■ Assignment ■
When the line with "(4.825, 0, 0)" is found, repeat it and all lines that follow it exactly, stopping at the end of the listing.

■ Data records ■
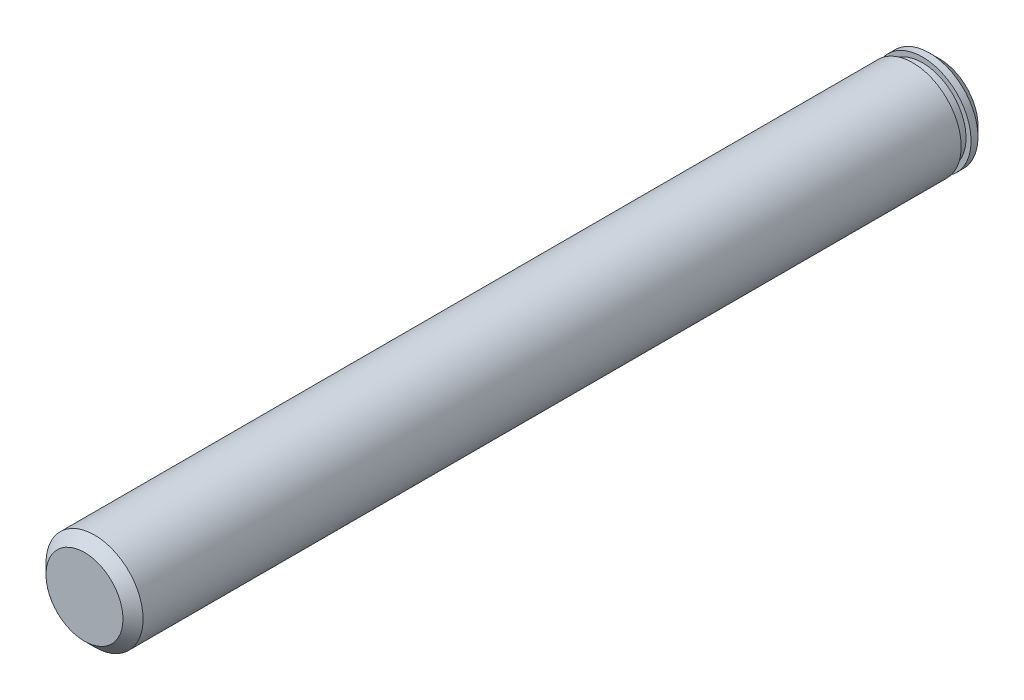
SolidWorks part; units mm, degrees
ref_plane "Front Plane" through (0, 0, 0) normal (0, 0, 1) x (1, 0, 0)
ref_plane "Top Plane" through (0, 0, 0) normal (0, 1, 0) x (1, 0, 0)
ref_plane "Right Plane" through (0, 0, 0) normal (1, 0, 0) x (0, 0, -1)
sketch "Sketch1" plane through (0, 0, 0) normal (0, 0, 1) x (1, 0, 0)
  circle A0 centre (0, 0) radius 4.825
  dimension "D1" = 9.65
extrude "Boss-Extrude1" add sketch "Sketch1" along normal blind 85
chamfer "Chamfer2" distance 1 angle 45 2 edges at (4.825, 0, 85) (4.825, 0, 0)
sketch "Sketch3" plane through (0, 0, 0) normal (0, 1, 0) x (1, 0, 0)
  line L0 (-4.825, -1) -> (-4.825, -84) construction
  line L1 (-4.825, -1.69) -> (-4.325, -1.69)
  line L2 (-4.825, -1.69) -> (-4.825, -2.67)
  line L3 (-4.825, -2.67) -> (-4.325, -2.67)
  line L4 (-4.325, -1.69) -> (-4.325, -2.67)
  line L5 (0, 0) -> (0, -3.7256) construction
  dimension "D1" = 0.98
  dimension "D2" = 0.5
  dimension "D3" = 0.69
revolve "Cut-Revolve4" cut sketch "Sketch3" angle 360 about L5

■ Output ■
chamfer "Chamfer2" distance 1 angle 45 2 edges at (4.825, 0, 85) (4.825, 0, 0)
sketch "Sketch3" plane through (0, 0, 0) normal (0, 1, 0) x (1, 0, 0)
  line L0 (-4.825, -1) -> (-4.825, -84) construction
  line L1 (-4.825, -1.69) -> (-4.325, -1.69)
  line L2 (-4.825, -1.69) -> (-4.825, -2.67)
  line L3 (-4.825, -2.67) -> (-4.325, -2.67)
  line L4 (-4.325, -1.69) -> (-4.325, -2.67)
  line L5 (0, 0) -> (0, -3.7256) construction
  dimension "D1" = 0.98
  dimension "D2" = 0.5
  dimension "D3" = 0.69
revolve "Cut-Revolve4" cut sketch "Sketch3" angle 360 about L5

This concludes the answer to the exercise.